Exercise brief
Which lines in the entries below contain the string "entryX"? Show each of them in full.

(Stored dataset items)
=== Begin Enclosure ===

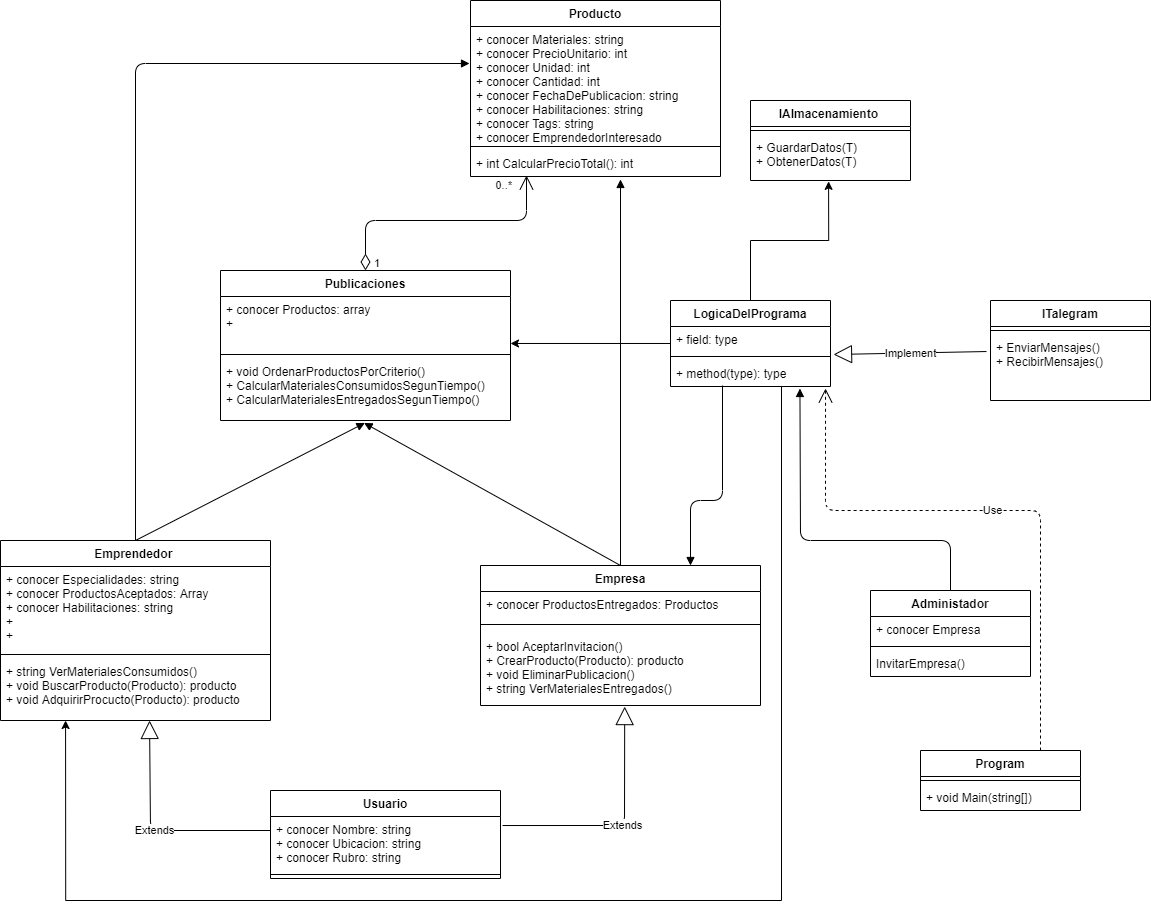

The diagram above was exported from draw.io. Its source (the exported page's mxGraphModel, read from the mxfile embedded in the PNG):
<mxGraphModel dx="2216" dy="964" grid="1" gridSize="10" guides="1" tooltips="1" connect="1" arrows="1" fold="1" page="1" pageScale="1" pageWidth="827" pageHeight="1169" math="0" shadow="0">
  <root>
    <mxCell id="0" />
    <mxCell id="1" parent="0" />
    <mxCell id="YW797RnIs-tLe0LdMUKQ-1" value="Administador" style="swimlane;fontStyle=1;align=center;verticalAlign=top;childLayout=stackLayout;horizontal=1;startSize=26;horizontalStack=0;resizeParent=1;resizeParentMax=0;resizeLast=0;collapsible=1;marginBottom=0;" parent="1" vertex="1">
      <mxGeometry x="1090" y="610" width="160" height="86" as="geometry" />
    </mxCell>
    <mxCell id="YW797RnIs-tLe0LdMUKQ-2" value="+ conocer Empresa" style="text;strokeColor=none;fillColor=none;align=left;verticalAlign=top;spacingLeft=4;spacingRight=4;overflow=hidden;rotatable=0;points=[[0,0.5],[1,0.5]];portConstraint=eastwest;" parent="YW797RnIs-tLe0LdMUKQ-1" vertex="1">
      <mxGeometry y="26" width="160" height="26" as="geometry" />
    </mxCell>
    <mxCell id="YW797RnIs-tLe0LdMUKQ-3" value="" style="line;strokeWidth=1;fillColor=none;align=left;verticalAlign=middle;spacingTop=-1;spacingLeft=3;spacingRight=3;rotatable=0;labelPosition=right;points=[];portConstraint=eastwest;" parent="YW797RnIs-tLe0LdMUKQ-1" vertex="1">
      <mxGeometry y="52" width="160" height="8" as="geometry" />
    </mxCell>
    <mxCell id="YW797RnIs-tLe0LdMUKQ-4" value="InvitarEmpresa()" style="text;strokeColor=none;fillColor=none;align=left;verticalAlign=top;spacingLeft=4;spacingRight=4;overflow=hidden;rotatable=0;points=[[0,0.5],[1,0.5]];portConstraint=eastwest;" parent="YW797RnIs-tLe0LdMUKQ-1" vertex="1">
      <mxGeometry y="60" width="160" height="26" as="geometry" />
    </mxCell>
    <mxCell id="YW797RnIs-tLe0LdMUKQ-10" value="Emprendedor " style="swimlane;fontStyle=1;align=center;verticalAlign=top;childLayout=stackLayout;horizontal=1;startSize=26;horizontalStack=0;resizeParent=1;resizeParentMax=0;resizeLast=0;collapsible=1;marginBottom=0;" parent="1" vertex="1">
      <mxGeometry x="220" y="560" width="270" height="180" as="geometry" />
    </mxCell>
    <mxCell id="YW797RnIs-tLe0LdMUKQ-11" value="+ conocer Especialidades: string&#10;+ conocer ProductosAceptados: Array&#10;+ conocer Habilitaciones: string&#10;+&#10;+" style="text;strokeColor=none;fillColor=none;align=left;verticalAlign=top;spacingLeft=4;spacingRight=4;overflow=hidden;rotatable=0;points=[[0,0.5],[1,0.5]];portConstraint=eastwest;" parent="YW797RnIs-tLe0LdMUKQ-10" vertex="1">
      <mxGeometry y="26" width="270" height="84" as="geometry" />
    </mxCell>
    <mxCell id="YW797RnIs-tLe0LdMUKQ-12" value="" style="line;strokeWidth=1;fillColor=none;align=left;verticalAlign=middle;spacingTop=-1;spacingLeft=3;spacingRight=3;rotatable=0;labelPosition=right;points=[];portConstraint=eastwest;" parent="YW797RnIs-tLe0LdMUKQ-10" vertex="1">
      <mxGeometry y="110" width="270" height="8" as="geometry" />
    </mxCell>
    <mxCell id="YW797RnIs-tLe0LdMUKQ-13" value="+ string VerMaterialesConsumidos()&#10;+ void BuscarProducto(Producto): producto&#10;+ void AdquirirProcucto(Producto): producto&#10; &#10;&#10;&#10;" style="text;strokeColor=none;fillColor=none;align=left;verticalAlign=top;spacingLeft=4;spacingRight=4;overflow=hidden;rotatable=0;points=[[0,0.5],[1,0.5]];portConstraint=eastwest;" parent="YW797RnIs-tLe0LdMUKQ-10" vertex="1">
      <mxGeometry y="118" width="270" height="62" as="geometry" />
    </mxCell>
    <mxCell id="YW797RnIs-tLe0LdMUKQ-15" value="Empresa" style="swimlane;fontStyle=1;align=center;verticalAlign=top;childLayout=stackLayout;horizontal=1;startSize=26;horizontalStack=0;resizeParent=1;resizeParentMax=0;resizeLast=0;collapsible=1;marginBottom=0;" parent="1" vertex="1">
      <mxGeometry x="700" y="585" width="280" height="140" as="geometry" />
    </mxCell>
    <mxCell id="YW797RnIs-tLe0LdMUKQ-16" value="+ conocer ProductosEntregados: Productos&#10;&#10;" style="text;strokeColor=none;fillColor=none;align=left;verticalAlign=top;spacingLeft=4;spacingRight=4;overflow=hidden;rotatable=0;points=[[0,0.5],[1,0.5]];portConstraint=eastwest;" parent="YW797RnIs-tLe0LdMUKQ-15" vertex="1">
      <mxGeometry y="26" width="280" height="24" as="geometry" />
    </mxCell>
    <mxCell id="YW797RnIs-tLe0LdMUKQ-17" value="" style="line;strokeWidth=1;fillColor=none;align=left;verticalAlign=middle;spacingTop=-1;spacingLeft=3;spacingRight=3;rotatable=0;labelPosition=right;points=[];portConstraint=eastwest;" parent="YW797RnIs-tLe0LdMUKQ-15" vertex="1">
      <mxGeometry y="50" width="280" height="18" as="geometry" />
    </mxCell>
    <mxCell id="YW797RnIs-tLe0LdMUKQ-18" value="+ bool AceptarInvitacion()&#10;+ CrearProducto(Producto): producto&#10;+ void EliminarPublicacion()&#10;+ string VerMaterialesEntregados()&#10;" style="text;strokeColor=none;fillColor=none;align=left;verticalAlign=top;spacingLeft=4;spacingRight=4;overflow=hidden;rotatable=0;points=[[0,0.5],[1,0.5]];portConstraint=eastwest;" parent="YW797RnIs-tLe0LdMUKQ-15" vertex="1">
      <mxGeometry y="68" width="280" height="72" as="geometry" />
    </mxCell>
    <mxCell id="YW797RnIs-tLe0LdMUKQ-19" value="Usuario" style="swimlane;fontStyle=1;align=center;verticalAlign=top;childLayout=stackLayout;horizontal=1;startSize=26;horizontalStack=0;resizeParent=1;resizeParentMax=0;resizeLast=0;collapsible=1;marginBottom=0;" parent="1" vertex="1">
      <mxGeometry x="490" y="810" width="230" height="88" as="geometry" />
    </mxCell>
    <mxCell id="YW797RnIs-tLe0LdMUKQ-20" value="+ conocer Nombre: string&#10;+ conocer Ubicacion: string&#10;+ conocer Rubro: string" style="text;strokeColor=none;fillColor=none;align=left;verticalAlign=top;spacingLeft=4;spacingRight=4;overflow=hidden;rotatable=0;points=[[0,0.5],[1,0.5]];portConstraint=eastwest;" parent="YW797RnIs-tLe0LdMUKQ-19" vertex="1">
      <mxGeometry y="26" width="230" height="54" as="geometry" />
    </mxCell>
    <mxCell id="YW797RnIs-tLe0LdMUKQ-21" value="" style="line;strokeWidth=1;fillColor=none;align=left;verticalAlign=middle;spacingTop=-1;spacingLeft=3;spacingRight=3;rotatable=0;labelPosition=right;points=[];portConstraint=eastwest;" parent="YW797RnIs-tLe0LdMUKQ-19" vertex="1">
      <mxGeometry y="80" width="230" height="8" as="geometry" />
    </mxCell>
    <mxCell id="YW797RnIs-tLe0LdMUKQ-26" value="Producto" style="swimlane;fontStyle=1;align=center;verticalAlign=top;childLayout=stackLayout;horizontal=1;startSize=26;horizontalStack=0;resizeParent=1;resizeParentMax=0;resizeLast=0;collapsible=1;marginBottom=0;" parent="1" vertex="1">
      <mxGeometry x="690" y="20" width="250" height="176" as="geometry" />
    </mxCell>
    <mxCell id="YW797RnIs-tLe0LdMUKQ-27" value="+ conocer Materiales: string&#10;+ conocer PrecioUnitario: int&#10;+ conocer Unidad: int&#10;+ conocer Cantidad: int&#10;+ conocer FechaDePublicacion: string&#10;+ conocer Habilitaciones: string&#10;+ conocer Tags: string&#10;+ conocer EmprendedorInteresado" style="text;strokeColor=none;fillColor=none;align=left;verticalAlign=top;spacingLeft=4;spacingRight=4;overflow=hidden;rotatable=0;points=[[0,0.5],[1,0.5]];portConstraint=eastwest;" parent="YW797RnIs-tLe0LdMUKQ-26" vertex="1">
      <mxGeometry y="26" width="250" height="116" as="geometry" />
    </mxCell>
    <mxCell id="YW797RnIs-tLe0LdMUKQ-28" value="" style="line;strokeWidth=1;fillColor=none;align=left;verticalAlign=middle;spacingTop=-1;spacingLeft=3;spacingRight=3;rotatable=0;labelPosition=right;points=[];portConstraint=eastwest;" parent="YW797RnIs-tLe0LdMUKQ-26" vertex="1">
      <mxGeometry y="142" width="250" height="8" as="geometry" />
    </mxCell>
    <mxCell id="YW797RnIs-tLe0LdMUKQ-29" value="+ int CalcularPrecioTotal(): int" style="text;strokeColor=none;fillColor=none;align=left;verticalAlign=top;spacingLeft=4;spacingRight=4;overflow=hidden;rotatable=0;points=[[0,0.5],[1,0.5]];portConstraint=eastwest;" parent="YW797RnIs-tLe0LdMUKQ-26" vertex="1">
      <mxGeometry y="150" width="250" height="26" as="geometry" />
    </mxCell>
    <mxCell id="YW797RnIs-tLe0LdMUKQ-30" value="Publicaciones" style="swimlane;fontStyle=1;align=center;verticalAlign=top;childLayout=stackLayout;horizontal=1;startSize=26;horizontalStack=0;resizeParent=1;resizeParentMax=0;resizeLast=0;collapsible=1;marginBottom=0;" parent="1" vertex="1">
      <mxGeometry x="440" y="290" width="290" height="150" as="geometry" />
    </mxCell>
    <mxCell id="YW797RnIs-tLe0LdMUKQ-31" value="+ conocer Productos: array&#10;+" style="text;strokeColor=none;fillColor=none;align=left;verticalAlign=top;spacingLeft=4;spacingRight=4;overflow=hidden;rotatable=0;points=[[0,0.5],[1,0.5]];portConstraint=eastwest;" parent="YW797RnIs-tLe0LdMUKQ-30" vertex="1">
      <mxGeometry y="26" width="290" height="54" as="geometry" />
    </mxCell>
    <mxCell id="YW797RnIs-tLe0LdMUKQ-32" value="" style="line;strokeWidth=1;fillColor=none;align=left;verticalAlign=middle;spacingTop=-1;spacingLeft=3;spacingRight=3;rotatable=0;labelPosition=right;points=[];portConstraint=eastwest;" parent="YW797RnIs-tLe0LdMUKQ-30" vertex="1">
      <mxGeometry y="80" width="290" height="8" as="geometry" />
    </mxCell>
    <mxCell id="YW797RnIs-tLe0LdMUKQ-33" value="+ void OrdenarProductosPorCriterio()&#10;+ CalcularMaterialesConsumidosSegunTiempo()&#10;+ CalcularMaterialesEntregadosSegunTiempo()&#10;" style="text;strokeColor=none;fillColor=none;align=left;verticalAlign=top;spacingLeft=4;spacingRight=4;overflow=hidden;rotatable=0;points=[[0,0.5],[1,0.5]];portConstraint=eastwest;" parent="YW797RnIs-tLe0LdMUKQ-30" vertex="1">
      <mxGeometry y="88" width="290" height="62" as="geometry" />
    </mxCell>
    <mxCell id="YW797RnIs-tLe0LdMUKQ-34" value="ITalegram" style="swimlane;fontStyle=1;align=center;verticalAlign=top;childLayout=stackLayout;horizontal=1;startSize=26;horizontalStack=0;resizeParent=1;resizeParentMax=0;resizeLast=0;collapsible=1;marginBottom=0;" parent="1" vertex="1">
      <mxGeometry x="1210" y="320" width="160" height="100" as="geometry" />
    </mxCell>
    <mxCell id="YW797RnIs-tLe0LdMUKQ-36" value="" style="line;strokeWidth=1;fillColor=none;align=left;verticalAlign=middle;spacingTop=-1;spacingLeft=3;spacingRight=3;rotatable=0;labelPosition=right;points=[];portConstraint=eastwest;" parent="YW797RnIs-tLe0LdMUKQ-34" vertex="1">
      <mxGeometry y="26" width="160" height="8" as="geometry" />
    </mxCell>
    <mxCell id="YW797RnIs-tLe0LdMUKQ-37" value="+ EnviarMensajes()&#10;+ RecibirMensajes()&#10;" style="text;strokeColor=none;fillColor=none;align=left;verticalAlign=top;spacingLeft=4;spacingRight=4;overflow=hidden;rotatable=0;points=[[0,0.5],[1,0.5]];portConstraint=eastwest;" parent="YW797RnIs-tLe0LdMUKQ-34" vertex="1">
      <mxGeometry y="34" width="160" height="66" as="geometry" />
    </mxCell>
    <mxCell id="0wQtjwKtF5FwwzZSSP4n-3" style="edgeStyle=orthogonalEdgeStyle;rounded=0;orthogonalLoop=1;jettySize=auto;html=1;entryX=1;entryY=0.87;entryDx=0;entryDy=0;entryPerimeter=0;" parent="1" source="YW797RnIs-tLe0LdMUKQ-38" target="YW797RnIs-tLe0LdMUKQ-31" edge="1">
      <mxGeometry relative="1" as="geometry" />
    </mxCell>
    <mxCell id="0wQtjwKtF5FwwzZSSP4n-9" style="edgeStyle=orthogonalEdgeStyle;rounded=0;orthogonalLoop=1;jettySize=auto;html=1;entryX=0.488;entryY=1.019;entryDx=0;entryDy=0;entryPerimeter=0;" parent="1" source="YW797RnIs-tLe0LdMUKQ-38" target="0wQtjwKtF5FwwzZSSP4n-8" edge="1">
      <mxGeometry relative="1" as="geometry" />
    </mxCell>
    <mxCell id="YW797RnIs-tLe0LdMUKQ-38" value="LogicaDelPrograma" style="swimlane;fontStyle=1;align=center;verticalAlign=top;childLayout=stackLayout;horizontal=1;startSize=26;horizontalStack=0;resizeParent=1;resizeParentMax=0;resizeLast=0;collapsible=1;marginBottom=0;" parent="1" vertex="1">
      <mxGeometry x="890" y="320" width="160" height="86" as="geometry" />
    </mxCell>
    <mxCell id="YW797RnIs-tLe0LdMUKQ-39" value="+ field: type" style="text;strokeColor=none;fillColor=none;align=left;verticalAlign=top;spacingLeft=4;spacingRight=4;overflow=hidden;rotatable=0;points=[[0,0.5],[1,0.5]];portConstraint=eastwest;" parent="YW797RnIs-tLe0LdMUKQ-38" vertex="1">
      <mxGeometry y="26" width="160" height="26" as="geometry" />
    </mxCell>
    <mxCell id="YW797RnIs-tLe0LdMUKQ-40" value="" style="line;strokeWidth=1;fillColor=none;align=left;verticalAlign=middle;spacingTop=-1;spacingLeft=3;spacingRight=3;rotatable=0;labelPosition=right;points=[];portConstraint=eastwest;" parent="YW797RnIs-tLe0LdMUKQ-38" vertex="1">
      <mxGeometry y="52" width="160" height="8" as="geometry" />
    </mxCell>
    <mxCell id="YW797RnIs-tLe0LdMUKQ-41" value="+ method(type): type" style="text;strokeColor=none;fillColor=none;align=left;verticalAlign=top;spacingLeft=4;spacingRight=4;overflow=hidden;rotatable=0;points=[[0,0.5],[1,0.5]];portConstraint=eastwest;" parent="YW797RnIs-tLe0LdMUKQ-38" vertex="1">
      <mxGeometry y="60" width="160" height="26" as="geometry" />
    </mxCell>
    <mxCell id="YW797RnIs-tLe0LdMUKQ-42" value="Program" style="swimlane;fontStyle=1;align=center;verticalAlign=top;childLayout=stackLayout;horizontal=1;startSize=26;horizontalStack=0;resizeParent=1;resizeParentMax=0;resizeLast=0;collapsible=1;marginBottom=0;" parent="1" vertex="1">
      <mxGeometry x="1140" y="770" width="160" height="60" as="geometry" />
    </mxCell>
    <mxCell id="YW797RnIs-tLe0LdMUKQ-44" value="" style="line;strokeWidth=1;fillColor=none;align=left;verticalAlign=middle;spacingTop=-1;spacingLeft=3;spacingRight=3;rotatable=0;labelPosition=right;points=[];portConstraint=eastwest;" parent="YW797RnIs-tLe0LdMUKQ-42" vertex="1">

=== End Enclosure ===

Exercise solution
    <mxCell id="0wQtjwKtF5FwwzZSSP4n-3" style="edgeStyle=orthogonalEdgeStyle;rounded=0;orthogonalLoop=1;jettySize=auto;html=1;entryX=1;entryY=0.87;entryDx=0;entryDy=0;entryPerimeter=0;" parent="1" source="YW797RnIs-tLe0LdMUKQ-38" target="YW797RnIs-tLe0LdMUKQ-31" edge="1">
    <mxCell id="0wQtjwKtF5FwwzZSSP4n-9" style="edgeStyle=orthogonalEdgeStyle;rounded=0;orthogonalLoop=1;jettySize=auto;html=1;entryX=0.488;entryY=1.019;entryDx=0;entryDy=0;entryPerimeter=0;" parent="1" source="YW797RnIs-tLe0LdMUKQ-38" target="0wQtjwKtF5FwwzZSSP4n-8" edge="1">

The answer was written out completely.